Though the entries contain pictures, the copy you make should hold only the rest, exactly as written.

*** Opening of RAW DATA ***

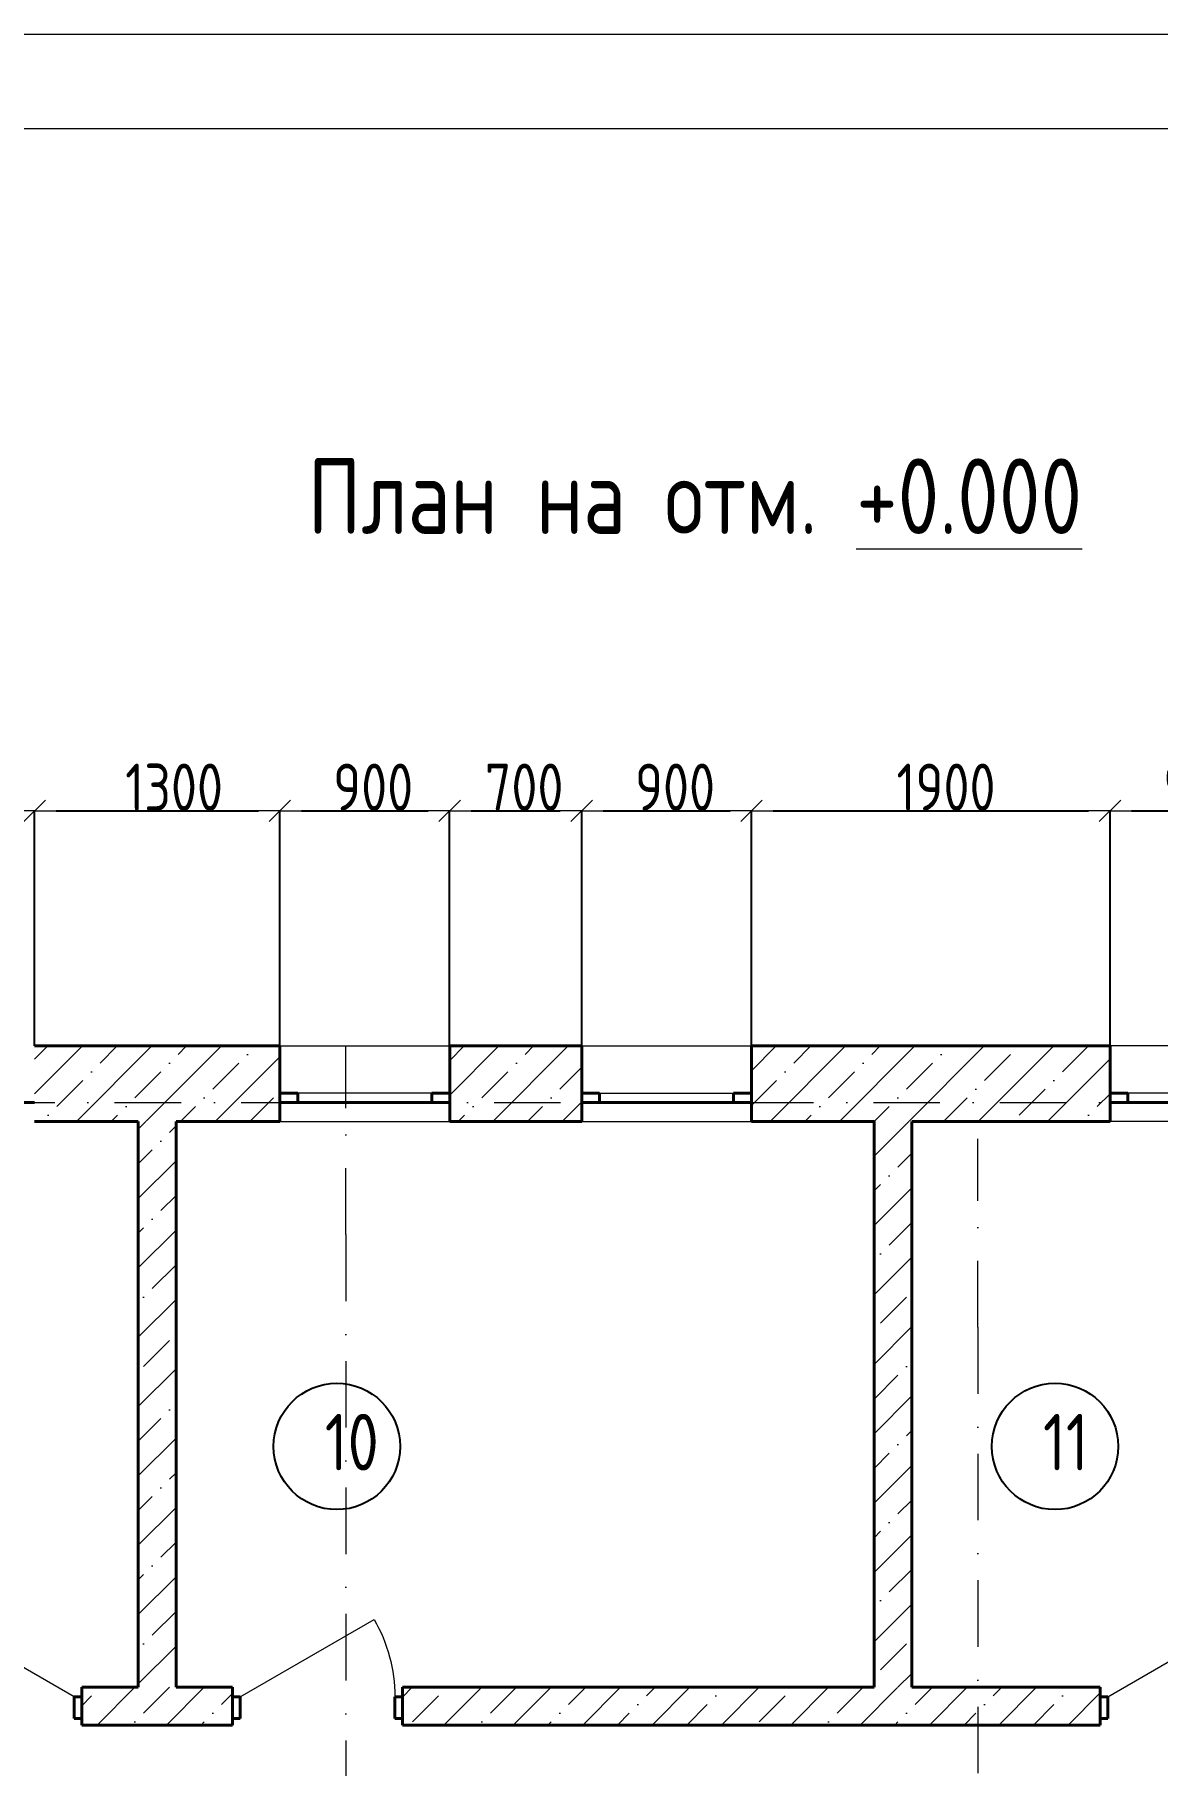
# Model space of a CAD drawing. Header units: feet. Extents: x -10410 to 374725, y -46422 to 88923.
# Drawn here: x 5719 to 11671, y 48122 to 57297 of the extents above; entities that cross this region are included whole.
import ezdxf
from ezdxf.enums import TextEntityAlignment as Align

# ---------------------------------------------------------------- set-up
doc = ezdxf.new("R2010")
doc.units = ezdxf.units.FT
doc.header["$MEASUREMENT"] = 0
doc.set_wipeout_variables(frame=1)
doc.linetypes.add('Wipeout_Contour', pattern=[1000, 0, -1000])
doc.linetypes.add('Штрихпунктирная', pattern=[670.277762, 352.777767, -176.388884, 0, -141.111112])
for name, color, linetype, lineweight in [('82323000_Ном._пера__1', 7, 'Continuous', 20), ('Двери ArchiCAD_Ном._пера__1', 7, 'Continuous', 20), ('Двери ArchiCAD_Ном._пера__21', 7, 'Continuous', 40), ('Двери ArchiCAD_Ном._пера__74', 255, 'Continuous', 0), ('Конструктив - Перекрытия_Ном._пера__21', 7, 'Continuous', 40), ('Конструктив - Стены Несущие_Ном._пера__21', 7, 'Continuous', 40), ('Маркер - Оси_Ном._пера__1', 7, 'Continuous', 20), ('Окна ArchiCAD_Ном._пера__120', 7, 'Continuous', 5), ('Окна ArchiCAD_Ном._пера__21', 7, 'Continuous', 40), ('Размер - Общий_Ном._пера__120', 7, 'Continuous', 5), ('Элемент Модели - Оси_Ном._пера__1', 7, 'Continuous', 20)]:
    doc.layers.add(name, color=color, linetype=linetype, lineweight=lineweight)
for name, color, linetype in [('Двери ArchiCAD', 7, 'Continuous'), ('Конструктив - Лестницы', 7, 'Continuous'), ('Конструктив - Перекрытия', 7, 'Continuous'), ('Конструктив - Стены Несущие', 7, 'Continuous'), ('Окна ArchiCAD', 7, 'Continuous'), ('Размер - Общий', 7, 'Continuous'), ('Элемент Модели - Оси', 7, 'Continuous')]:
    doc.layers.add(name, color=color, linetype=linetype)
doc.layers.add('Конструктив - Стены Несущие_Ном._пера__170', color=7, linetype='Continuous', lineweight=5, true_color=0x9f9f00)
doc.layers.add('Элемент Модели - Оси_Ном._пера__94', color=7, linetype='Continuous', lineweight=5, true_color=0xdc4f00)
doc.styles.get("Standard").update_dxf_attribs({"font": 'isocpeur.ttf'})
doc.styles.add('СГЕНЕРИР_СТИЛЬ_1', font='arial.ttf')
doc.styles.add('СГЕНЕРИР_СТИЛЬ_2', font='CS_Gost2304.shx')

*** Close of RAW DATA ***

TASK OUTPUT ▸
# Model space of a CAD drawing. Header units: feet. Extents: x -10410 to 374725, y -46422 to 88923.
# Drawn here: x 5719 to 11671, y 48122 to 57297 of the extents above; entities that cross this region are included whole.
import ezdxf
from ezdxf.enums import TextEntityAlignment as Align

# ---------------------------------------------------------------- set-up
doc = ezdxf.new("R2010")
doc.units = ezdxf.units.FT
doc.header["$MEASUREMENT"] = 0
doc.set_wipeout_variables(frame=1)
doc.linetypes.add('Wipeout_Contour', pattern=[1000, 0, -1000])
doc.linetypes.add('Штрихпунктирная', pattern=[670.277762, 352.777767, -176.388884, 0, -141.111112])
for name, color, linetype, lineweight in [('82323000_Ном._пера__1', 7, 'Continuous', 20), ('Двери ArchiCAD_Ном._пера__1', 7, 'Continuous', 20), ('Двери ArchiCAD_Ном._пера__21', 7, 'Continuous', 40), ('Двери ArchiCAD_Ном._пера__74', 255, 'Continuous', 0), ('Конструктив - Перекрытия_Ном._пера__21', 7, 'Continuous', 40), ('Конструктив - Стены Несущие_Ном._пера__21', 7, 'Continuous', 40), ('Маркер - Оси_Ном._пера__1', 7, 'Continuous', 20), ('Окна ArchiCAD_Ном._пера__120', 7, 'Continuous', 5), ('Окна ArchiCAD_Ном._пера__21', 7, 'Continuous', 40), ('Размер - Общий_Ном._пера__120', 7, 'Continuous', 5), ('Элемент Модели - Оси_Ном._пера__1', 7, 'Continuous', 20)]:
    doc.layers.add(name, color=color, linetype=linetype, lineweight=lineweight)
for name, color, linetype in [('Двери ArchiCAD', 7, 'Continuous'), ('Конструктив - Лестницы', 7, 'Continuous'), ('Конструктив - Перекрытия', 7, 'Continuous'), ('Конструктив - Стены Несущие', 7, 'Continuous'), ('Окна ArchiCAD', 7, 'Continuous'), ('Размер - Общий', 7, 'Continuous'), ('Элемент Модели - Оси', 7, 'Continuous')]:
    doc.layers.add(name, color=color, linetype=linetype)
doc.layers.add('Конструктив - Стены Несущие_Ном._пера__170', color=7, linetype='Continuous', lineweight=5, true_color=0x9f9f00)
doc.layers.add('Элемент Модели - Оси_Ном._пера__94', color=7, linetype='Continuous', lineweight=5, true_color=0xdc4f00)
doc.styles.get("Standard").update_dxf_attribs({"font": 'isocpeur.ttf'})
doc.styles.add('СГЕНЕРИР_СТИЛЬ_1', font='arial.ttf')
doc.styles.add('СГЕНЕРИР_СТИЛЬ_2', font='CS_Gost2304.shx')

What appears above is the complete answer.